14 septembre: Valpromaro-Lucca
A la « casa del pellegrino », l’un de nous, Raymond, laïc franciscain, bénit les tau (croix de François d’Assise) que nous porterons en chemin. Que le Seigneur nous bénisse et nous garde, qu’Il fasse sur nous rayonner Son visage et nous accorde la paix.

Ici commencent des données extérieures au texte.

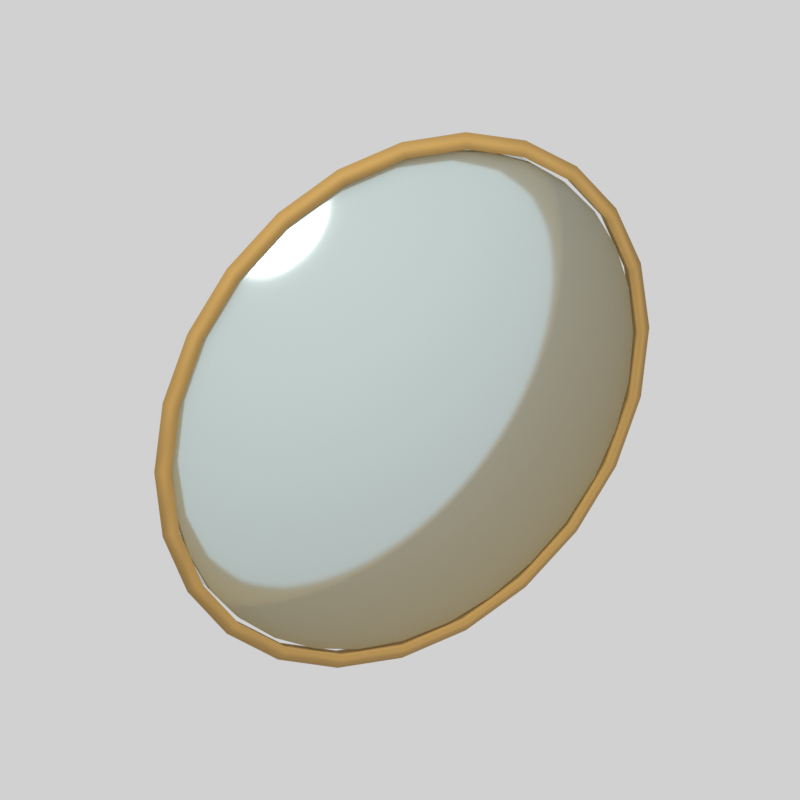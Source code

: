 # Source: mirror.blend  (saved by Blender 5.2.44; exported with 4.5.12 LTS)
import bpy
from mathutils import Matrix  # noqa: F401  (used for matrix-valued properties, if any)

bpy.ops.wm.read_factory_settings(use_empty=True)
scene = bpy.context.scene
scene.name = 'Scene'

# ---- materials (node trees are filled in below, after node groups)
mat_mirror_fixed_d8e6e4 = bpy.data.materials.new('mirror.fixed.d8e6e4')
mat_mirror_fixed_d8e6e4.diffuse_color = (0.6867, 0.7913, 0.7758, 1.0)
mat_mirror_recolor_bb9451 = bpy.data.materials.new('mirror.recolor.bb9451')
mat_mirror_recolor_bb9451.diffuse_color = (0.4969, 0.2961, 0.08228, 1.0)

# ---- material node trees
mat_mirror_fixed_d8e6e4.use_nodes = True; mat_mirror_fixed_d8e6e4.node_tree.nodes.clear()
_N = mat_mirror_fixed_d8e6e4.node_tree.nodes; _L = mat_mirror_fixed_d8e6e4.node_tree.links
n0 = _N.new('ShaderNodeBsdfPrincipled'); n0.name = 'Principled BSDF'; n0.location = (-200, 100)
n0.inputs[0].default_value = (0.6867, 0.7913, 0.7758, 1.0)
n0.inputs[1].default_value = 0.65
n0.inputs[2].default_value = 0.12
n0.inputs[10].default_value = 0.005
n1 = _N.new('ShaderNodeOutputMaterial'); n1.name = 'Material Output'; n1.location = (200, 100)
_L.new(n0.outputs[0], n1.inputs[0])
n1.is_active_output = True
mat_mirror_recolor_bb9451.use_nodes = True; mat_mirror_recolor_bb9451.node_tree.nodes.clear()
_N = mat_mirror_recolor_bb9451.node_tree.nodes; _L = mat_mirror_recolor_bb9451.node_tree.links
n0 = _N.new('ShaderNodeBsdfPrincipled'); n0.name = 'Principled BSDF'; n0.location = (-200, 100)
n0.inputs[0].default_value = (0.4969, 0.2961, 0.08228, 1.0)
n0.inputs[2].default_value = 0.87
n0.inputs[10].default_value = 0.005
n1 = _N.new('ShaderNodeOutputMaterial'); n1.name = 'Material Output'; n1.location = (200, 100)
_L.new(n0.outputs[0], n1.inputs[0])
n1.is_active_output = True

# ---- world
world_neutral_studio = bpy.data.worlds.new('Neutral studio'); scene.world = world_neutral_studio
world_neutral_studio.use_nodes = True; world_neutral_studio.node_tree.nodes.clear()
_N = world_neutral_studio.node_tree.nodes; _L = world_neutral_studio.node_tree.links
n0 = _N.new('ShaderNodeBackground'); n0.name = 'Background'; n0.location = (-200, 100)
n0.inputs[0].default_value = (1.0, 1.0, 1.0, 1.0)
n0.inputs[1].default_value = 0.45
n1 = _N.new('ShaderNodeOutputWorld'); n1.name = 'World Output'; n1.location = (200, 100)
_L.new(n0.outputs[0], n1.inputs[0])
n1.is_active_output = True

# ---- cameras
cam_camera = bpy.data.cameras.new('Camera')
cam_camera.type = 'ORTHO'
cam_camera.ortho_scale = 1.192

# ---- lights
light_area = bpy.data.lights.new('Area', 'AREA')
light_area.energy = 128.7
light_area.shape = 'DISK'
light_area.size = 3.48
light_area.size_y = 1.0

# ---- meshes
me_mirror = bpy.data.meshes.new('mirror')
me_mirror.from_pydata([(0.0, 0.0, 0.0), (0.405, 0.0, 0.0), (0.3972, 0.07901, 0.0), (0.3742, 0.155, 0.0), (0.3367, 0.225, 0.0), (0.2864, 0.2864, 0.0), (0.225, 0.3367, 0.0), (0.155, 0.3742, 0.0), (0.07901, 0.3972, 0.0), (2.48e-17, 0.405, 0.0), (-0.07901, 0.3972, 0.0), (-0.155, 0.3742, 0.0), (-0.225, 0.3367, 0.0), (-0.2864, 0.2864, 0.0), (-0.3367, 0.225, 0.0), (-0.3742, 0.155, 0.0), (-0.3972, 0.07901, 0.0), (-0.405, 4.96e-17, 0.0), (-0.3972, -0.07901, 0.0), (-0.3742, -0.155, 0.0), (-0.3367, -0.225, 0.0), (-0.2864, -0.2864, 0.0), (-0.225, -0.3367, 0.0), (-0.155, -0.3742, 0.0), (-0.07901, -0.3972, 0.0), (-7.44e-17, -0.405, 0.0), (0.07901, -0.3972, 0.0), (0.155, -0.3742, 0.0), (0.225, -0.3367, 0.0), (0.2864, -0.2864, 0.0), (0.3367, -0.225, 0.0), (0.3742, -0.155, 0.0), (0.3972, -0.07901, 0.0), (0.405, 0.0, 0.025), (0.3972, 0.07901, 0.025), (0.3742, 0.155, 0.025), (0.3367, 0.225, 0.025), (0.2864, 0.2864, 0.025), (0.225, 0.3367, 0.025), (0.155, 0.3742, 0.025), (0.07901, 0.3972, 0.025), (2.48e-17, 0.405, 0.025), (-0.07901, 0.3972, 0.025), (-0.155, 0.3742, 0.025), (-0.225, 0.3367, 0.025), (-0.2864, 0.2864, 0.025), (-0.3367, 0.225, 0.025), (-0.3742, 0.155, 0.025), (-0.3972, 0.07901, 0.025), (-0.405, 4.96e-17, 0.025), (-0.3972, -0.07901, 0.025), (-0.3742, -0.155, 0.025), (-0.3367, -0.225, 0.025), (-0.2864, -0.2864, 0.025), (-0.225, -0.3367, 0.025), (-0.155, -0.3742, 0.025), (-0.07901, -0.3972, 0.025), (-7.44e-17, -0.405, 0.025), (0.07901, -0.3972, 0.025), (0.155, -0.3742, 0.025), (0.225, -0.3367, 0.025), (0.2864, -0.2864, 0.025), (0.3367, -0.225, 0.025), (0.3742, -0.155, 0.025), (0.3972, -0.07901, 0.025), (0.0, 0.0, 0.025)], [], [(0, 2, 1), (0, 3, 2), (0, 4, 3), (0, 5, 4), (0, 6, 5), (0, 7, 6), (0, 8, 7), (0, 9, 8), (0, 10, 9), (0, 11, 10), (0, 12, 11), (0, 13, 12), (0, 14, 13), (0, 15, 14), (0, 16, 15), (0, 17, 16), (0, 18, 17), (0, 19, 18), (0, 20, 19), (0, 21, 20), (0, 22, 21), (0, 23, 22), (0, 24, 23), (0, 25, 24), (0, 26, 25), (0, 27, 26), (0, 28, 27), (0, 29, 28), (0, 30, 29), (0, 31, 30), (0, 32, 31), (0, 1, 32), (1, 2, 34, 33), (2, 3, 35, 34), (3, 4, 36, 35), (4, 5, 37, 36), (5, 6, 38, 37), (6, 7, 39, 38), (7, 8, 40, 39), (8, 9, 41, 40), (9, 10, 42, 41), (10, 11, 43, 42), (11, 12, 44, 43), (12, 13, 45, 44), (13, 14, 46, 45), (14, 15, 47, 46), (15, 16, 48, 47), (16, 17, 49, 48), (17, 18, 50, 49), (18, 19, 51, 50), (19, 20, 52, 51), (20, 21, 53, 52), (21, 22, 54, 53), (22, 23, 55, 54), (23, 24, 56, 55), (24, 25, 57, 56), (25, 26, 58, 57), (26, 27, 59, 58), (27, 28, 60, 59), (28, 29, 61, 60), (29, 30, 62, 61), (30, 31, 63, 62), (31, 32, 64, 63), (32, 1, 33, 64), (33, 34, 65), (34, 35, 65), (35, 36, 65), (36, 37, 65), (37, 38, 65), (38, 39, 65), (39, 40, 65), (40, 41, 65), (41, 42, 65), (42, 43, 65), (43, 44, 65), (44, 45, 65), (45, 46, 65), (46, 47, 65), (47, 48, 65), (48, 49, 65), (49, 50, 65), (50, 51, 65), (51, 52, 65), (52, 53, 65), (53, 54, 65), (54, 55, 65), (55, 56, 65), (56, 57, 65), (57, 58, 65), (58, 59, 65), (59, 60, 65), (60, 61, 65), (61, 62, 65), (62, 63, 65), (63, 64, 65), (64, 33, 65)])
me_mirror.polygons.foreach_set('use_smooth', [True] * 96)
me_mirror.materials.append(mat_mirror_fixed_d8e6e4)
me_mirror.update()
me_brass_frame = bpy.data.meshes.new('brass_frame')
me_brass_frame.from_pydata([(0.435, -0.022, 0.435), (0.4125, -0.00901, 0.435), (0.4125, -0.03499, 0.435), (0.4202, -0.022, 0.5476), (0.3984, -0.00901, 0.5418), (0.3984, -0.03499, 0.5418), (0.3767, -0.022, 0.6525), (0.3572, -0.00901, 0.6413), (0.3572, -0.03499, 0.6413), (0.3076, -0.022, 0.7426), (0.2917, -0.00901, 0.7267), (0.2917, -0.03499, 0.7267), (0.2175, -0.022, 0.8117), (0.2062, -0.00901, 0.7922), (0.2062, -0.03499, 0.7922), (0.1126, -0.022, 0.8552), (0.1068, -0.00901, 0.8334), (0.1068, -0.03499, 0.8334), (2.664e-17, -0.022, 0.87), (2.526e-17, -0.00901, 0.8475), (2.526e-17, -0.03499, 0.8475), (-0.1126, -0.022, 0.8552), (-0.1068, -0.00901, 0.8334), (-0.1068, -0.03499, 0.8334), (-0.2175, -0.022, 0.8117), (-0.2062, -0.00901, 0.7922), (-0.2062, -0.03499, 0.7922), (-0.3076, -0.022, 0.7426), (-0.2917, -0.00901, 0.7267), (-0.2917, -0.03499, 0.7267), (-0.3767, -0.022, 0.6525), (-0.3572, -0.00901, 0.6413), (-0.3572, -0.03499, 0.6413), (-0.4202, -0.022, 0.5476), (-0.3984, -0.00901, 0.5418), (-0.3984, -0.03499, 0.5418), (-0.435, -0.022, 0.435), (-0.4125, -0.00901, 0.435), (-0.4125, -0.03499, 0.435), (-0.4202, -0.022, 0.3224), (-0.3984, -0.00901, 0.3282), (-0.3984, -0.03499, 0.3282), (-0.3767, -0.022, 0.2175), (-0.3572, -0.00901, 0.2288), (-0.3572, -0.03499, 0.2288), (-0.3076, -0.022, 0.1274), (-0.2917, -0.00901, 0.1433), (-0.2917, -0.03499, 0.1433), (-0.2175, -0.022, 0.05828), (-0.2062, -0.00901, 0.07776), (-0.2062, -0.03499, 0.07776), (-0.1126, -0.022, 0.01482), (-0.1068, -0.00901, 0.03656), (-0.1068, -0.03499, 0.03656), (-7.991e-17, -0.022, 0.0), (-7.578e-17, -0.00901, 0.0225), (-7.578e-17, -0.03499, 0.0225), (0.1126, -0.022, 0.01482), (0.1068, -0.00901, 0.03656), (0.1068, -0.03499, 0.03656), (0.2175, -0.022, 0.05828), (0.2062, -0.00901, 0.07776), (0.2062, -0.03499, 0.07776), (0.3076, -0.022, 0.1274), (0.2917, -0.00901, 0.1433), (0.2917, -0.03499, 0.1433), (0.3767, -0.022, 0.2175), (0.3572, -0.00901, 0.2288), (0.3572, -0.03499, 0.2288), (0.4202, -0.022, 0.3224), (0.3984, -0.00901, 0.3282), (0.3984, -0.03499, 0.3282)], [], [(0, 1, 4, 3), (1, 2, 5, 4), (2, 0, 3, 5), (3, 4, 7, 6), (4, 5, 8, 7), (5, 3, 6, 8), (6, 7, 10, 9), (7, 8, 11, 10), (8, 6, 9, 11), (9, 10, 13, 12), (10, 11, 14, 13), (11, 9, 12, 14), (12, 13, 16, 15), (13, 14, 17, 16), (14, 12, 15, 17), (15, 16, 19, 18), (16, 17, 20, 19), (17, 15, 18, 20), (18, 19, 22, 21), (19, 20, 23, 22), (20, 18, 21, 23), (21, 22, 25, 24), (22, 23, 26, 25), (23, 21, 24, 26), (24, 25, 28, 27), (25, 26, 29, 28), (26, 24, 27, 29), (27, 28, 31, 30), (28, 29, 32, 31), (29, 27, 30, 32), (30, 31, 34, 33), (31, 32, 35, 34), (32, 30, 33, 35), (33, 34, 37, 36), (34, 35, 38, 37), (35, 33, 36, 38), (36, 37, 40, 39), (37, 38, 41, 40), (38, 36, 39, 41), (39, 40, 43, 42), (40, 41, 44, 43), (41, 39, 42, 44), (42, 43, 46, 45), (43, 44, 47, 46), (44, 42, 45, 47), (45, 46, 49, 48), (46, 47, 50, 49), (47, 45, 48, 50), (48, 49, 52, 51), (49, 50, 53, 52), (50, 48, 51, 53), (51, 52, 55, 54), (52, 53, 56, 55), (53, 51, 54, 56), (54, 55, 58, 57), (55, 56, 59, 58), (56, 54, 57, 59), (57, 58, 61, 60), (58, 59, 62, 61), (59, 57, 60, 62), (60, 61, 64, 63), (61, 62, 65, 64), (62, 60, 63, 65), (63, 64, 67, 66), (64, 65, 68, 67), (65, 63, 66, 68), (66, 67, 70, 69), (67, 68, 71, 70), (68, 66, 69, 71), (69, 70, 1, 0), (70, 71, 2, 1), (71, 69, 0, 2)])
me_brass_frame.polygons.foreach_set('use_smooth', [True] * 72)
me_brass_frame.materials.append(mat_mirror_recolor_bb9451)
me_brass_frame.update()

# ---- objects
ob_mirror_root = bpy.data.objects.new('mirror.root', None)
ob_mirror_mirror = bpy.data.objects.new('mirror_mirror', me_mirror)
ob_mirror_brass_frame = bpy.data.objects.new('mirror_brass_frame', me_brass_frame)
ob_area = bpy.data.objects.new('Area', light_area)
ob_camera = bpy.data.objects.new('Camera', cam_camera)

# ---- transforms, parenting, visibility, modifiers, constraints
ob_mirror_root.location = (0.0, 0.0, 0.0)
ob_mirror_mirror.parent = ob_mirror_root
ob_mirror_mirror.location = (0.0, -1.77e-08, 0.435)
ob_mirror_mirror.rotation_euler = (1.571, 0.0, 0.0)
ob_mirror_brass_frame.parent = ob_mirror_root
ob_mirror_brass_frame.location = (0.0, -1.77e-08, 0.0)
ob_area.location = (-1.74, -2.627, 4.785)
ob_area.rotation_euler = (0.6248, 3.754e-10, -0.588)
ob_camera.location = (-2.175, -3.497, 2.61)
ob_camera.rotation_euler = (1.083, -3.719e-09, -0.5586)

# ---- collection membership
scene.collection.objects.link(ob_mirror_root)
scene.collection.objects.link(ob_mirror_mirror)
scene.collection.objects.link(ob_mirror_brass_frame)
scene.collection.objects.link(ob_area)
scene.collection.objects.link(ob_camera)

# ---- scene / render settings (as saved in the file)
scene.camera = ob_camera
scene.frame_start = 1; scene.frame_end = 250; scene.frame_set(1)
scene.render.engine = 'CYCLES'
scene.render.resolution_x = 384
scene.render.resolution_y = 384
scene.render.film_transparent = True
scene.render.bake_bias = 0.0
scene.render.bake_samples = 0
scene.render.compositor_device = 'GPU'
scene.cycles.samples = 24
scene.eevee.use_volume_custom_range = False
scene.eevee.fast_gi_thickness_near = 0.1
scene.eevee.fast_gi_thickness_far = 0.0
scene.eevee.ray_tracing_options.screen_trace_thickness = 0.1
scene.view_settings.view_transform = 'Standard'
scene.view_settings.exposure = 0.5
bpy.context.view_layer.update()

La « chance » nous sourit à Lucca, cette ville renommée, fondée par les Etrusques: pour la fête de la croix glorieuse, le kiosque en marbre de la cathédrale s’ouvre exceptionnellement sur un rutilant crucifix byzantin géant. Le « poverello » lui aurait vraisemblablement préféré frère Christ, nous parlant à l’oreille dans un fin silence, tel qu’évoqué par Anne Lécu dans le commentaire du jour. « Dieu est conversation ». La marche silencieuse du matin en constitue une opportunité.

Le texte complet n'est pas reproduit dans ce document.